How much do you really know about techniques for hiding from zombies?
Well, I know a little! [laughs]. The zombie thing arose because apart from doing statistical mathematics, I like dissemination and I needed a title for my presentation that would attract attention. I remembered that, when everyone was hooked on 'The Walking Dead', they published some articles on statistical models about zombies that were precisely the ones I was studying... And I said: well, it's the perfect hook.
Statistical models on zombies?
They are models that explain how epidemics behave: how you go from being susceptible to having the disease, from being in recovery to having recovered... You can be in different boxes and with a differential equation model we explain how you go from one to the other. and with what ease.
Equations against zombies, they should be explained like this in high schools...
These models are used for many things.
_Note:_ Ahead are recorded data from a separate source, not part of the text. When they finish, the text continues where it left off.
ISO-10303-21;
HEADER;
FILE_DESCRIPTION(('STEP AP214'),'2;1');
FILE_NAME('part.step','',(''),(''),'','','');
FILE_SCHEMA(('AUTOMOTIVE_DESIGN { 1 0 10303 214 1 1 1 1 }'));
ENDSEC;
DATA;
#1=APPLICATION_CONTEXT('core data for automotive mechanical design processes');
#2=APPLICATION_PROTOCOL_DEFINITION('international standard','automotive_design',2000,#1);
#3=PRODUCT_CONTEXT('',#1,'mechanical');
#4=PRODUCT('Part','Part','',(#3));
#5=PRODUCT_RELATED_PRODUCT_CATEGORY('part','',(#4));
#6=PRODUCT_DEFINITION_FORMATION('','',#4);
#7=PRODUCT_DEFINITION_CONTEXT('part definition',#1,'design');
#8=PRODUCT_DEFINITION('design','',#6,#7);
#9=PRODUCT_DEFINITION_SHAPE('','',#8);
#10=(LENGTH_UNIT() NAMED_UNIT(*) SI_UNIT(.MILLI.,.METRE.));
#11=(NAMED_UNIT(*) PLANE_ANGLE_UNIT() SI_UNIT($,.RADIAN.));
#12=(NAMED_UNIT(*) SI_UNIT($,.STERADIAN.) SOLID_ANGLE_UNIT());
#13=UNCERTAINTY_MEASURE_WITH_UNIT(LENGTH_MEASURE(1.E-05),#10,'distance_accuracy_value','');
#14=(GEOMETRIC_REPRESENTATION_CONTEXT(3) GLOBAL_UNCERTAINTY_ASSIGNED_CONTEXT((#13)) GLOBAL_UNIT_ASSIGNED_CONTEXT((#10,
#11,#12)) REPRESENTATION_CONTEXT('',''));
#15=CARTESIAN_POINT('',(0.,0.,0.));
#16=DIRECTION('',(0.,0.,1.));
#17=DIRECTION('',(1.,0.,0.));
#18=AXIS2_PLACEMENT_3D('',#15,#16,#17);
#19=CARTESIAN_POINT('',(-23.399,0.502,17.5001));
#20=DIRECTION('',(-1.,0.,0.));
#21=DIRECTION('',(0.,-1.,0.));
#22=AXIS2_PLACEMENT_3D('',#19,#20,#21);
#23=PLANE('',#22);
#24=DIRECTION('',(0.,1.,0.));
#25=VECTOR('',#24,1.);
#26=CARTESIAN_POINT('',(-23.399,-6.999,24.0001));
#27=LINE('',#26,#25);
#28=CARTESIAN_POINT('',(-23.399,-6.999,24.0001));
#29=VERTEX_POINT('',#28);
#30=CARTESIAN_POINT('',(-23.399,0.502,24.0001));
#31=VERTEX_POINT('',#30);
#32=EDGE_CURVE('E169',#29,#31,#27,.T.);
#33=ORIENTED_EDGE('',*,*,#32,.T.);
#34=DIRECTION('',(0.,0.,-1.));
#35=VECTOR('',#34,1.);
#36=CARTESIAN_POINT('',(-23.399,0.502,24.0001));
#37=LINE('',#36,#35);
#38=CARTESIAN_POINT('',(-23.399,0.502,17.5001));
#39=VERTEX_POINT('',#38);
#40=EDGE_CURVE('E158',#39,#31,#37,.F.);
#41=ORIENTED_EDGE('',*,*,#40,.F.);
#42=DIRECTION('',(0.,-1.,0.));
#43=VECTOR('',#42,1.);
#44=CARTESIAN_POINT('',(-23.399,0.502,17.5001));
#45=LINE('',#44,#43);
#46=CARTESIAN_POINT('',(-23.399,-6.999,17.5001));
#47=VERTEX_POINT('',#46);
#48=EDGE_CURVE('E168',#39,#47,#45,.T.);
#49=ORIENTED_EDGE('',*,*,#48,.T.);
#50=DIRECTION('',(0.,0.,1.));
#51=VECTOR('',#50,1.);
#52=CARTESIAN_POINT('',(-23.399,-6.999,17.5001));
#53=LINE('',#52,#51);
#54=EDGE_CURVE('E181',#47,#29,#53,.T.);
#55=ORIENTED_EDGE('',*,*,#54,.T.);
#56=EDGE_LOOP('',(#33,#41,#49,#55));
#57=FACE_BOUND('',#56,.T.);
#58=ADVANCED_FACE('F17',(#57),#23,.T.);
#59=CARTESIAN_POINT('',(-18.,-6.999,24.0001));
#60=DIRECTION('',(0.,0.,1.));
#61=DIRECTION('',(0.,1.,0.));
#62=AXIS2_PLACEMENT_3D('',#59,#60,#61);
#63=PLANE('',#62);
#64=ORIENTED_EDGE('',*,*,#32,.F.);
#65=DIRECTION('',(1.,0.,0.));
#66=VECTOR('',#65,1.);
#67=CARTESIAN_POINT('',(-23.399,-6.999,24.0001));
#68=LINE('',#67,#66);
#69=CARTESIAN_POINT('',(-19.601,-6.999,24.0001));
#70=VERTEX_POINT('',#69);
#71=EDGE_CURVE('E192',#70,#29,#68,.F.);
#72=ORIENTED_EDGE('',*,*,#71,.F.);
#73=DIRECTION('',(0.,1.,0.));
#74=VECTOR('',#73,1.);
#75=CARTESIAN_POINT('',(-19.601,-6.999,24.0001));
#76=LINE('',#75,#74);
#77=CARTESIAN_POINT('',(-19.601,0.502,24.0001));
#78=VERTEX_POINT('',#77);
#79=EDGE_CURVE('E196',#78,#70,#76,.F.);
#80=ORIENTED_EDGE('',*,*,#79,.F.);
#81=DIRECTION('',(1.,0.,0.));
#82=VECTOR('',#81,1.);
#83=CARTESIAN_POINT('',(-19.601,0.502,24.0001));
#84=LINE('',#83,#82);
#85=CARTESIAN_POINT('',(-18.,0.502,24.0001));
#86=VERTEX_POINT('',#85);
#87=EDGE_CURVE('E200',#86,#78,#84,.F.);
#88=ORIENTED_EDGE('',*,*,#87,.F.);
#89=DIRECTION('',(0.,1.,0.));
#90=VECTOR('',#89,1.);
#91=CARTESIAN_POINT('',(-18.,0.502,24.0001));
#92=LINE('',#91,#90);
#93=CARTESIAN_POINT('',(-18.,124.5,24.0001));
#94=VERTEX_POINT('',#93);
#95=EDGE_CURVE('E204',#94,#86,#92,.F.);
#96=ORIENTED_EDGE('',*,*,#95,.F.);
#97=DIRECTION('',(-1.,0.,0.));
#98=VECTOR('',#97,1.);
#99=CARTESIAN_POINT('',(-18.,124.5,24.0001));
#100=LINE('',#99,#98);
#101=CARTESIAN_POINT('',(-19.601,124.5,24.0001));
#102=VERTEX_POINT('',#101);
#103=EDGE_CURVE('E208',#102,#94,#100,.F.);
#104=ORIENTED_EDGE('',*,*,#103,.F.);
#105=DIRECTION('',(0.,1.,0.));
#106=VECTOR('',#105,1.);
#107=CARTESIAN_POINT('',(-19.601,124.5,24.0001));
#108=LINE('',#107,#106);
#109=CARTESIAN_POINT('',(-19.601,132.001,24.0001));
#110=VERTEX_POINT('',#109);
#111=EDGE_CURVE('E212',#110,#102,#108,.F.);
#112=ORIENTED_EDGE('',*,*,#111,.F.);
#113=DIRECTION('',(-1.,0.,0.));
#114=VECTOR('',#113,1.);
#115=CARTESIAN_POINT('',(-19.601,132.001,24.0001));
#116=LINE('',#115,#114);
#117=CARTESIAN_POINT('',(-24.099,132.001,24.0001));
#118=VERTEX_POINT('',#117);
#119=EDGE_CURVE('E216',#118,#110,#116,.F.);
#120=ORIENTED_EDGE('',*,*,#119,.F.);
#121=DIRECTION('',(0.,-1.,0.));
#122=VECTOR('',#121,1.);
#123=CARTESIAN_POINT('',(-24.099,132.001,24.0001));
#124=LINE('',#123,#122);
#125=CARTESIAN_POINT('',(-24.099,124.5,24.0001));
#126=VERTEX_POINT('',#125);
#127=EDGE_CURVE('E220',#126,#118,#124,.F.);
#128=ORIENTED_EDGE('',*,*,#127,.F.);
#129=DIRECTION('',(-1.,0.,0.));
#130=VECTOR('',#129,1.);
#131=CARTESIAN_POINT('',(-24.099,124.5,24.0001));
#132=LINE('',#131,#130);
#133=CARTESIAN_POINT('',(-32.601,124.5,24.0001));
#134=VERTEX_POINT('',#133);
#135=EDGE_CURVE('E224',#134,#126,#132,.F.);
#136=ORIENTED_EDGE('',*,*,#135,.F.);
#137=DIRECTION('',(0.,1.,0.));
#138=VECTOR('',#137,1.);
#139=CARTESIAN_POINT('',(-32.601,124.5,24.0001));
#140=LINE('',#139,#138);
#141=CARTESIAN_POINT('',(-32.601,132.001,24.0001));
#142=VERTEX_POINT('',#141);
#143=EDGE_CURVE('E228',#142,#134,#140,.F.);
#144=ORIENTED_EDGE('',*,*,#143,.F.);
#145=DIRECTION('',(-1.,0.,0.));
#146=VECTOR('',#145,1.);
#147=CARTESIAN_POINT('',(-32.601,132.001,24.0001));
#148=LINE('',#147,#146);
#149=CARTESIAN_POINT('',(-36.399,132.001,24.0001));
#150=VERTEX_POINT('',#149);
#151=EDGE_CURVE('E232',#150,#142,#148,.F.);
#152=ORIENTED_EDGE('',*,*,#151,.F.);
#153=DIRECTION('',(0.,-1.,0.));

They are also used to describe social epidemics, such as obesity, smoking or alcoholism. Also in pharmacokinetics and pharmacodynamics, which are areas of pharmacology that help us find out how much of a drug we have to take, how it is distributed and how long it takes to leave the body.
He says that these models are very well known. What exactly do you do with them?
Yes, these models are very studied and mathematically very beautiful, but reality is never the same as the model. There is always a gap between reality and theory, and it must be taken into account because, if not, the estimate does not work. What I dedicate myself to is that little piece that exists between reality and the model. Let's see how this uncertainty can be taken into account so that the model is really useful.